You promote your Web site as “designed to provide answers to virtually any luggage question.” Are there a lot of luggage questions out there? If so, what are some of the questions you hear?
Luggage isn’t as simple as most people think, nor is the information always easy to find. In many cases, airline luggage policies differ ever so slightly especially with regards to the new checked bag fees and what you thought you knew ends up costing you at the check-in desk. During the time I’ve been building my site, many luggage questions have come ranging from obvious to completely bizarre. Some are fairly simple questions to most frequent flyers; some, however, are highly specific such as taking portable oxygen concentrators on flights or requiring needles in a carry-on to inject prescription medication. Most recently, someone asked me if he could take his Thanksgiving leftovers with him in a carry-on bag.

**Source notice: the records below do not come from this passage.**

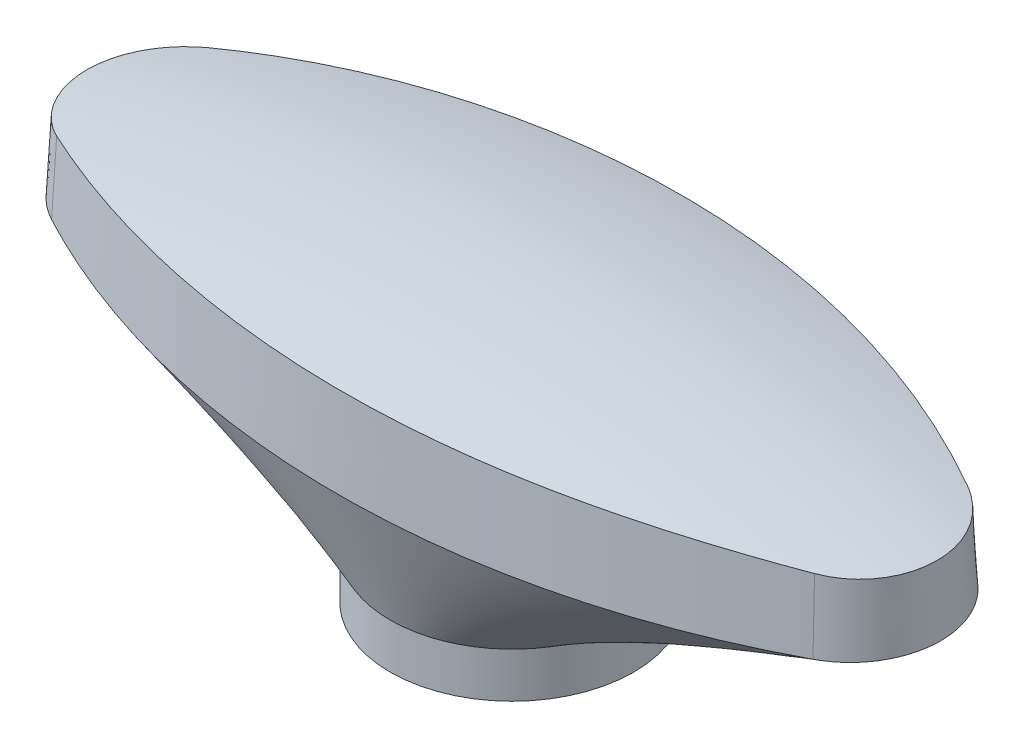
ISO-10303-21;
HEADER;
FILE_DESCRIPTION(('STEP AP214'),'2;1');
FILE_NAME('part.step','',(''),(''),'','','');
FILE_SCHEMA(('AUTOMOTIVE_DESIGN { 1 0 10303 214 1 1 1 1 }'));
ENDSEC;
DATA;
#1=APPLICATION_CONTEXT('core data for automotive mechanical design processes');
#2=APPLICATION_PROTOCOL_DEFINITION('international standard','automotive_design',2000,#1);
#3=PRODUCT_CONTEXT('',#1,'mechanical');
#4=PRODUCT('Part','Part','',(#3));
#5=PRODUCT_RELATED_PRODUCT_CATEGORY('part','',(#4));
#6=PRODUCT_DEFINITION_FORMATION('','',#4);
#7=PRODUCT_DEFINITION_CONTEXT('part definition',#1,'design');
#8=PRODUCT_DEFINITION('design','',#6,#7);
#9=PRODUCT_DEFINITION_SHAPE('','',#8);
#10=(LENGTH_UNIT() NAMED_UNIT(*) SI_UNIT(.MILLI.,.METRE.));
#11=(NAMED_UNIT(*) PLANE_ANGLE_UNIT() SI_UNIT($,.RADIAN.));
#12=(NAMED_UNIT(*) SI_UNIT($,.STERADIAN.) SOLID_ANGLE_UNIT());
#13=UNCERTAINTY_MEASURE_WITH_UNIT(LENGTH_MEASURE(1.E-05),#10,'distance_accuracy_value','');
#14=(GEOMETRIC_REPRESENTATION_CONTEXT(3) GLOBAL_UNCERTAINTY_ASSIGNED_CONTEXT((#13)) GLOBAL_UNIT_ASSIGNED_CONTEXT((#10,
#11,#12)) REPRESENTATION_CONTEXT('',''));
#15=CARTESIAN_POINT('',(0.,0.,0.));
#16=DIRECTION('',(0.,0.,1.));
#17=DIRECTION('',(1.,0.,0.));
#18=AXIS2_PLACEMENT_3D('',#15,#16,#17);
#19=CARTESIAN_POINT('',(0.,0.,70.6664701255128));
#20=DIRECTION('',(0.,-1.,0.));
#21=DIRECTION('',(0.,0.,-1.));
#22=AXIS2_PLACEMENT_3D('',#19,#20,#21);
#23=CONICAL_SURFACE('',#22,90.,0.05235987755983);
#24=CARTESIAN_POINT('',(42.1877,7.92334604528379,-8.36280484500249));
#25=CARTESIAN_POINT('',(41.0420861786236,8.04958269689081,-8.96689732359786));
#26=CARTESIAN_POINT('',(39.8827340055039,8.16554604480995,-9.54702712218328));
#27=CARTESIAN_POINT('',(37.5389979928671,8.37911484016454,-10.6578994137456));
#28=CARTESIAN_POINT('',(36.3546150847935,8.4767209693752,-11.1886437404968));
#29=CARTESIAN_POINT('',(33.9633622528988,8.65575922944964,-12.1992500164694));
#30=CARTESIAN_POINT('',(32.7564958381557,8.73719386150209,-12.6791198289132));
#31=CARTESIAN_POINT('',(30.3225011436141,8.88585861569262,-13.5868734879109));
#32=CARTESIAN_POINT('',(29.0953727194653,8.95308863658732,-14.0147569639229));
#33=CARTESIAN_POINT('',(26.6253632226318,9.07500112557227,-14.8168110909937));
#34=CARTESIAN_POINT('',(25.3825121254132,9.12970451328632,-15.191070897031));
#35=CARTESIAN_POINT('',(22.8814447587202,9.22824718567756,-15.8858501947194));
#36=CARTESIAN_POINT('',(21.6232283714051,9.27208638697934,-16.2063692739402));
#37=CARTESIAN_POINT('',(19.0939007457412,9.35022265419966,-16.7929149548736));
#38=CARTESIAN_POINT('',(17.8227898344565,9.38451996152011,-17.0589429351203));
#39=CARTESIAN_POINT('',(15.2700840785299,9.44467585432356,-17.5359110402673));
#40=CARTESIAN_POINT('',(13.9884893212943,9.47053451008813,-17.7468516239615));
#41=CARTESIAN_POINT('',(11.4721793320299,9.51374534987292,-18.1053504942601));
#42=CARTESIAN_POINT('',(10.2377997138021,9.53141367788286,-18.2552310707304));
#43=CARTESIAN_POINT('',(7.76382961184207,9.5603898825821,-18.5037746225482));
#44=CARTESIAN_POINT('',(6.52423918036235,9.57169782289894,-18.6024381102563));
#45=CARTESIAN_POINT('',(4.04200543142898,9.58833039245439,-18.748348738422));
#46=CARTESIAN_POINT('',(2.79936213473032,9.59365506225825,-18.7955962274687));
#47=CARTESIAN_POINT('',(0.313172689145865,9.59850173211197,-18.8385811807262));
#48=CARTESIAN_POINT('',(-0.930373460478781,9.59802372740787,-18.8343186027364));
#49=CARTESIAN_POINT('',(-3.41580439881277,9.59124994519686,-18.7743011758125));
#50=CARTESIAN_POINT('',(-4.65768959538659,9.58495605355588,-18.7185630184101));
#51=CARTESIAN_POINT('',(-7.13804462732119,9.56633988966191,-18.5557315805815));
#52=CARTESIAN_POINT('',(-8.37651444811628,9.55401759173923,-18.448638081478));
#53=CARTESIAN_POINT('',(-10.8478330074403,9.52293821688825,-18.1833140102447));
#54=CARTESIAN_POINT('',(-12.0806820419345,9.50418148282796,-18.025086162907));
#55=CARTESIAN_POINT('',(-14.5385798888697,9.45962556030004,-17.6578380420146));
#56=CARTESIAN_POINT('',(-15.7636288427861,9.43382649993838,-17.4488186924087));
#57=CARTESIAN_POINT('',(-19.1801673876014,9.35064667114176,-16.7929650810032));
#58=CARTESIAN_POINT('',(-21.3608596905224,9.28451113930283,-16.2896433459718));
#59=CARTESIAN_POINT('',(-25.6776417556003,9.12081285850867,-15.1230682261342));
#60=CARTESIAN_POINT('',(-27.8137362273662,9.02325344602767,-14.4598318223693));
#61=CARTESIAN_POINT('',(-30.9757417916052,8.84722554769212,-13.3484669747473));
#62=CARTESIAN_POINT('',(-32.0232083353522,8.78356415873686,-12.9583806984843));
#63=CARTESIAN_POINT('',(-34.1024464074495,8.64512584427489,-12.1400717156616));
#64=CARTESIAN_POINT('',(-35.1342180470989,8.57034899763302,-11.7118492796888));
#65=CARTESIAN_POINT('',(-37.1806981292641,8.40838401322045,-10.8179893569099));
#66=CARTESIAN_POINT('',(-38.1954027431913,8.32119313109879,-10.3523436069314));
#67=CARTESIAN_POINT('',(-40.2060266850643,8.13299027989981,-9.38464404720967));
#68=CARTESIAN_POINT('',(-41.2019455047049,8.0319779374507,-8.88258925408792));
#69=CARTESIAN_POINT('',(-42.1877,7.92334604528381,-8.36280484500249));
#70=B_SPLINE_CURVE_WITH_KNOTS('',3,(#24,#25,#26,#27,#28,#29,#30,#31,#32,#33,#34,#35,#36,#37,#38,
#39,#40,#41,#42,#43,#44,#45,#46,#47,#48,#49,#50,#51,#52,#53,#54,#55,#56,#57,#58,#59,#60,#61,#62,
#63,#64,#65,#66,#67,#68,#69),.UNSPECIFIED.,.F.,.F.,(4,2,2,2,2,2,2,2,2,2,2,2,2,2,2,2,2,2,2,2,2,2,
4),(0.,3.90342988146502,7.80671476343201,11.7093954670273,15.6121039860458,19.5082466156491,
23.4044191446294,27.3004930947505,31.1965345954763,34.9261746196312,38.6557773328494,
42.3853547600344,46.1149352427561,49.8433067918098,53.5716942168743,57.2998830004019,
61.028003969484,67.7383157719034,74.4479153323644,77.8059058012107,81.1638724460486,
84.522582587162,87.8813834781148),.UNSPECIFIED.);
#71=CARTESIAN_POINT('',(41.9923277296797,7.94476537095676,-8.46551848809129));
#72=VERTEX_POINT('',#71);
#73=CARTESIAN_POINT('',(-41.9923277296797,7.94476537095681,-8.46551848809126));
#74=VERTEX_POINT('',#73);
#75=EDGE_CURVE('E271',#72,#74,#70,.T.);
#76=ORIENTED_EDGE('',*,*,#75,.F.);
#77=DIRECTION('',(0.02453247948888,-0.998629534754574,-0.0462299661041518));
#78=VECTOR('',#77,1.);
#79=CARTESIAN_POINT('',(42.1875,0.,-8.83330876568912));
#80=LINE('',#79,#78);
#81=CARTESIAN_POINT('',(42.1875,0.,-8.83330876568911));
#82=VERTEX_POINT('',#81);
#83=EDGE_CURVE('E268',#72,#82,#80,.T.);
#84=ORIENTED_EDGE('',*,*,#83,.T.);
#85=CARTESIAN_POINT('',(-42.1874999995073,0.,8.83330876595053));
#86=CARTESIAN_POINT('',(-42.8507969057247,0.,8.48132240043696));
#87=CARTESIAN_POINT('',(-44.1697903268458,0.,7.59012209969732));
#88=CARTESIAN_POINT('',(-45.9301255882669,0.,5.61140300071321));
#89=CARTESIAN_POINT('',(-47.1903209527115,0.,3.00993284492601));
#90=CARTESIAN_POINT('',(-47.6555608380841,0.,0.));
#91=CARTESIAN_POINT('',(-47.1903209527115,0.,-3.00993284492602));
#92=CARTESIAN_POINT('',(-45.9301255882668,0.,-5.61140300071325));
#93=CARTESIAN_POINT('',(-44.1697903268459,0.,-7.59012209969734));
#94=CARTESIAN_POINT('',(-42.8507969057247,0.,-8.48132240043697));
#95=CARTESIAN_POINT('',(-38.8214849799809,0.,-10.6195245343064));
#96=CARTESIAN_POINT('',(-31.9722156021606,0.,-13.7082259749566));
#97=CARTESIAN_POINT('',(-21.4474636902119,0.,-16.9665499635177));
#98=CARTESIAN_POINT('',(-10.7635278317374,0.,-18.9062135992692));
#99=CARTESIAN_POINT('',(0.,0.,-19.5463803289425));
#100=CARTESIAN_POINT('',(10.7635278317374,0.,-18.9062135992692));
#101=CARTESIAN_POINT('',(21.4474636902119,0.,-16.9665499635177));
#102=CARTESIAN_POINT('',(31.9722156021605,0.,-13.7082259749565));
#103=CARTESIAN_POINT('',(38.8214849799809,0.,-10.6195245343064));
#104=CARTESIAN_POINT('',(42.8507969057247,0.,-8.48132240043698));
#105=CARTESIAN_POINT('',(44.1697903268458,0.,-7.59012209969733));
#106=CARTESIAN_POINT('',(45.9301255882669,0.,-5.61140300071325));
#107=CARTESIAN_POINT('',(47.1903209527115,0.,-3.00993284492602));
#108=CARTESIAN_POINT('',(47.6555608380841,0.,0.));
#109=CARTESIAN_POINT('',(47.1903209527116,0.,3.00993284492602));
#110=CARTESIAN_POINT('',(45.9301255882668,0.,5.61140300071325));
#111=CARTESIAN_POINT('',(44.1697903268459,0.,7.59012209969732));
#112=CARTESIAN_POINT('',(42.8507969057247,0.,8.48132240043696));
#113=CARTESIAN_POINT('',(38.8214849799809,0.,10.6195245343064));
#114=CARTESIAN_POINT('',(31.9722156021605,0.,13.7082259749566));
#115=CARTESIAN_POINT('',(21.4474636902119,0.,16.9665499635177));
#116=CARTESIAN_POINT('',(10.7635278317374,0.,18.9062135992692));
#117=CARTESIAN_POINT('',(0.,0.,19.5463803289425));
#118=CARTESIAN_POINT('',(-10.7635278317374,0.,18.9062135992692));
#119=CARTESIAN_POINT('',(-21.4474636902119,0.,16.9665499635177));
#120=CARTESIAN_POINT('',(-31.9722156021606,0.,13.7082259749565));
#121=CARTESIAN_POINT('',(-38.8214849799809,0.,10.6195245343064));
#122=CARTESIAN_POINT('',(-42.1874999995073,0.,8.83330876595053));
#123=B_SPLINE_CURVE_WITH_KNOTS('',3,(#85,#86,#87,#88,#89,#90,#91,#92,#93,#94,#95,#96,#97,#98,
#99,#100,#101,#102,#103,#104,#105,#106,#107,#108,#109,#110,#111,#112,#113,#114,#115,#116,#117,
#118,#119,#120,#121,#122),.UNSPECIFIED.,.T.,.F.,(4,1,1,1,1,1,1,1,2,1,1,1,1,1,1,1,2,1,1,1,1,1,1,
1,2,1,1,1,1,1,1,1,4),(0.,0.0102886193480629,0.0205772386961257,0.0308658580441886,
0.0411544773922514,0.0514430967403143,0.0617317160883771,0.07202033543644,0.0823089547845028,
0.13452033543644,0.186731716088377,0.238943096740314,0.291154477392251,0.343365858044189,
0.395577238696126,0.447788619348063,0.5,0.510288619348063,0.520577238696126,0.530865858044189,
0.541154477392251,0.551443096740314,0.561731716088377,0.57202033543644,0.582308954784503,
0.63452033543644,0.686731716088377,0.738943096740314,0.791154477392251,0.843365858044189,
0.895577238696126,0.947788619348063,1.),.UNSPECIFIED.);
#124=CARTESIAN_POINT('',(-42.1875,0.,-8.83330876568911));
#125=VERTEX_POINT('',#124);
#126=EDGE_CURVE('E249',#82,#125,#123,.F.);
#127=ORIENTED_EDGE('',*,*,#126,.T.);
#128=DIRECTION('',(-0.0245324794888799,-0.998629534754574,-0.0462299661041518));
#129=VECTOR('',#128,1.);
#130=CARTESIAN_POINT('',(-42.1875,0.,-8.83330876568911));
#131=LINE('',#130,#129);
#132=EDGE_CURVE('E259',#74,#125,#131,.T.);
#133=ORIENTED_EDGE('',*,*,#132,.F.);
#134=EDGE_LOOP('',(#76,#84,#127,#133));
#135=FACE_BOUND('',#134,.T.);
#136=ADVANCED_FACE('F199',(#135),#23,.T.);
#137=CARTESIAN_POINT('',(-37.5,0.,0.));
#138=DIRECTION('',(0.,-1.,0.));
#139=DIRECTION('',(0.,0.,1.));
#140=AXIS2_PLACEMENT_3D('',#137,#138,#139);
#141=CONICAL_SURFACE('',#140,9.99999999999999,0.05235987755983);
#142=CARTESIAN_POINT('',(-41.8925062415329,7.95570167815247,-8.51709547194581));
#143=CARTESIAN_POINT('',(-42.1300681517674,7.92954735364969,-8.39615452272569));
#144=CARTESIAN_POINT('',(-42.3626436491406,7.90481785962008,-8.26511924763189));
#145=CARTESIAN_POINT('',(-42.8161793767295,7.85813212993478,-7.98387939429463));
#146=CARTESIAN_POINT('',(-43.037140129971,7.83617576933902,-7.83367568027472));
#147=CARTESIAN_POINT('',(-43.4656526014798,7.79497419766811,-7.51523580023002));
#148=CARTESIAN_POINT('',(-43.6732150005767,7.77572681224842,-7.34701428930883));
#149=CARTESIAN_POINT('',(-44.0736146399296,7.73979629670361,-6.99363272453982));
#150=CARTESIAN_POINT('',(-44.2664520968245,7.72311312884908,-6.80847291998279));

Did the idea for this site come from your background as an algebra teacher or as a traveler?
My personal experiences as a traveler convinced me that my Web site could offer a valuable service. I’ve lived in England, Australia and now in the United States over the last 10 years, so I’ve done my fair share of relocating. During this time, I’ve been caught out a few times by airlines and their ever changing policies including a very memorable incident in which I’d said goodbye to some of my friends at an Australian airport, only to chase them to the parking lot to ask for help as I’d unknowingly exceeded the baggage limit.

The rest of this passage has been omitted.